Perhaps the broadest in scope of all the studies investigating the prevention of RA is the StopRA (Strategy to Prevent the Onset of Clinically Apparent Rheumatoid Arthritis) trial, which is randomizing 200 subjects with an anticyclic citrullinated peptide 3 (anti-CCP3) that’s greater than twice the normal level, with or without arthralgia, to either hydroxychloroquine (HCQ) 200-400 mg/day or placebo for 1 year, followed by 2 years of follow-up. Pilot data indicated that a level of 40 U/mL or higher of anti-CCP3, which is twice the normal level for positivity, gave a 50% chance of developing RA in the next 3 years regardless of symptoms, family history, or other factors.

Courtesy Kevin Deane, MD
Dr. Kevin Deane
“What we think that does is give us a broader range of people who are in the preclinical period. Because they all won’t have symptoms, they may be even earlier in the progression of their autoimmunity than some of the subjects in other [prevention] studies,” said the trial’s principal investigator Kevin Deane, MD, PhD, a professor of rheumatology at the University of Colorado at Denver, Aurora.

The trial’s focus on people with an elevated level of anti-CCP3 limits it to just seropositive individuals, specifically those who are anti-citrullinated protein antibody (ACPA)-positive who constitute about 60%-70% of RA patients with established RA.

The investigators chose to use HCQ because it is a safe and well-tolerated medication for RA, and it may have mechanisms of action that may work particularly well in the early development of RA by blocking inflammation and epitope spreading, Dr. Deane said. “While hydroxychloroquine might not be powerful enough to stop active RA, we hypothesize that it’s just the right drug to block key processes early in its development,” Dr. Deane said in an interview, noting that HCQ is also used to block disease flares in palindromic rheumatism and diminish autoantibody responses in systemic lupus erythematosus.

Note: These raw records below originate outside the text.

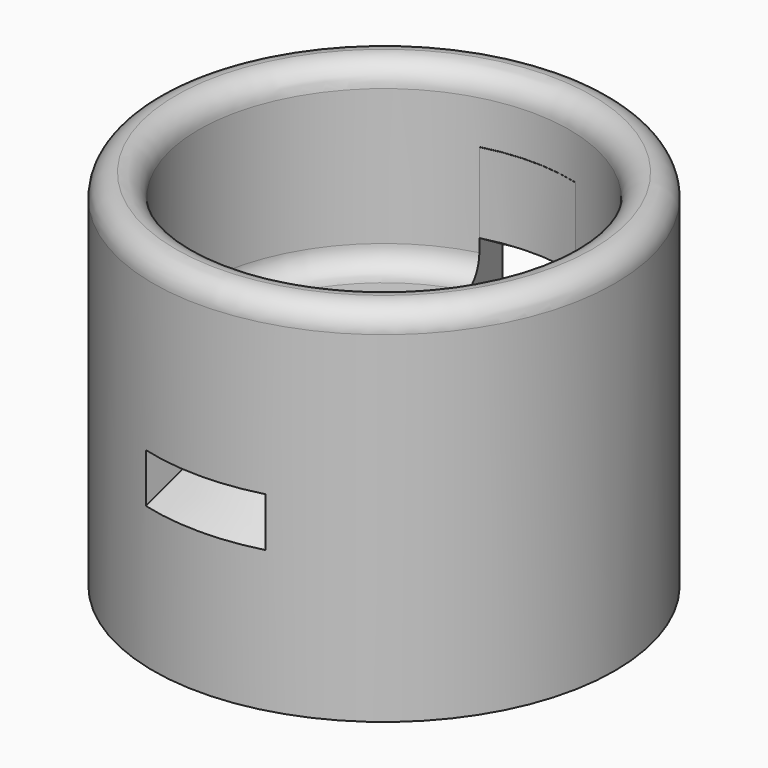
from build123d import *

# Parameters (mm, degrees)
F1_R          = 16.129
F2_DEPTH      = 25.4
F3_R          = 12.954
F4_DEPTH      = 12.7
F5_R          = 1.58749
F7_ANGLE_BACK = 15
F7_ANGLE      = 30
F8_T4_ANGLE   = 47.2856392703
F8_S5_R       = 12.954
F8_T6_DEPTH   = 7
F8_T10_ANGLE  = 47.2856392703
F8_S11_R      = 12.954
F8_T12_DEPTH  = 7


# Not quite as in the source:
# - a fillet or chamfer that OpenCascade refuses, or shapes differently, is made with other operations: its cross-section is extruded or revolved along the edge and cut away or added
# - a fillet or chamfer is up to 0.001 mm smaller than in the source, because OpenCascade refuses the exact size
# - ends of sketch curves that miss each other by under 0.0002 mm in the source are joined


with BuildPart() as f2:
    # F1 (on Top) → F2 (new body)
    with BuildSketch(Plane.XY):
        Circle(F1_R)
    extrude(amount=F2_DEPTH)

    # F3 (on face) → F4 (cut)
    with BuildSketch(Plane.XY.offset(25.4)):
        Circle(F3_R)
    extrude(amount=-F4_DEPTH, mode=Mode.SUBTRACT)

    # F5 (radius 1.5875 in the source; OpenCascade refuses exactly that, so slightly less here)
    f5_edges = [f2.edges().sort_by_distance(p)[0] for p in [
        (-16.129, 0, 25.4),
        (-12.954, 0, 25.4),
        (-12.954, 0, 12.7),
    ]]
    fillet(f5_edges, radius=F5_R)

    # F6 (on Right) → F7 (revolve, cut)
    with BuildSketch(Plane.YZ, mode=Mode.PRIVATE) as f7_sk:
        with BuildLine():
            ThreePointArc((12.2294899884, 15.6199430682), (12.8889010018, 13.8375539592), (11.3665, 12.7))
            Line((11.3665, 12.7), (16.129, 9.8708188202))
            Line((16.129, 9.8708188202), (16.129, 13.3034244871))
            Line((16.129, 13.3034244871), (12.9914900466, 15.1672741693))
            Line((12.9914900466, 15.1672741693), (12.2294899884, 15.6199430682))
        make_face()
        with BuildLine():
            Line((-16.129, 9.8708188202), (-11.3665, 12.7))
            ThreePointArc((-11.3665, 12.7), (-12.8889010018, 13.8375539592), (-12.2294899884, 15.6199430682))
            Line((-12.2294899884, 15.6199430682), (-12.9914900466, 15.1672741693))
            Line((-12.9914900466, 15.1672741693), (-16.129, 13.3034244871))
            Line((-16.129, 13.3034244871), (-16.129, 9.8708188202))
        make_face()
        Polygon((12.2294900466, 21.5172741693), (12.2294900466, 15.6199431581), (12.9914900466, 15.1672741693), (12.9914900466, 21.5172741693), align=None)
        Polygon((-12.9914900466, 15.1672741693), (-12.2294900466, 15.6199431581), (-12.2294900466, 21.5172741693), (-12.9914900466, 21.5172741693), align=None)
    revolve(f7_sk.sketch.rotate(Axis((0, 0, 7.0286970586), (0, 0, -1)), -F7_ANGLE_BACK), axis=Axis((0, 0, 7.0286970586), (0, 0, -1)), revolution_arc=F7_ANGLE, mode=Mode.SUBTRACT)

    # F8: chamfer of 0.762 on 2 edges, made by hand


with BuildPart() as f8_tool2:
    # F8_s3 → F8_t4 (revolve)
    with BuildSketch(Plane(origin=(0, 0, 0), x_dir=(0, 0, 1), z_dir=(0.9160632754, 0.4010337585, 0))):
        Polygon((21.5172741693, 12.2294900466), (20.7552741693, 12.9914900466), (21.5172741693, 12.9914900466), align=None)
    revolve(axis=Axis((0, 0, 21.5172741693), (0, 0, -1)), revolution_arc=F8_T4_ANGLE)

    # F8_s5 → F8_t6 (cut, symmetric)
    with BuildSketch(Plane.XY.offset(21.1)):
        Circle(F8_S5_R)
    extrude(amount=F8_T6_DEPTH, both=True, mode=Mode.SUBTRACT)


with BuildPart() as f2_1:
    add(f2.part)

    # F8_t1: union F8_tool2
    add(f8_tool2.part)


with BuildPart() as f8_tool8:
    # F8_s9 → F8_t10 (revolve)
    with BuildSketch(Plane(origin=(0, 0, 0), x_dir=(0, 0, 1), z_dir=(-0.9160632754, -0.4010337585, 0))):
        Polygon((21.5172741693, 12.2294900466), (20.7552741693, 12.9914900466), (21.5172741693, 12.9914900466), align=None)
    revolve(axis=Axis((0, 0, 21.5172741693), (0, 0, -1)), revolution_arc=F8_T10_ANGLE)

    # F8_s11 → F8_t12 (cut, symmetric)
    with BuildSketch(Plane.XY.offset(21.1)):
        Circle(F8_S11_R)
    extrude(amount=F8_T12_DEPTH, both=True, mode=Mode.SUBTRACT)


with BuildPart() as f2_2:
    add(f2_1.part)

    # F8_t7: union F8_tool8
    add(f8_tool8.part)


solid = f2_2.part

The StopRA trial is being performed by the Autoimmunity Centers of Excellence, a network sponsored by the National Institutes of Health and the National Institute of Allergy and Infectious Diseases. Enrollment began at 18 U.S. sites in April 2016 with screening of first-degree relatives of patients with RA, community-based screening at health fairs, and finding CCP positive individuals without inflammatory arthritis in rheumatology clinics. The investigators estimate that they will need to screen 20,000 individuals to enroll 200 into the study. Dr. Deane said that he and his coinvestigators hope to use the variables that will arise from the diverse population to later determine subgroups who may respond best to the intervention. “We were concerned that if we made everybody too similar we wouldn’t be able to analyze whether symptoms or other factors mattered or not in who responded to the intervention. It may also allow us to catch some people at an early phase of their autoimmunity and others at a later phase and to determine for future studies when is the best time to intervene in preclinical RA with HCQ.”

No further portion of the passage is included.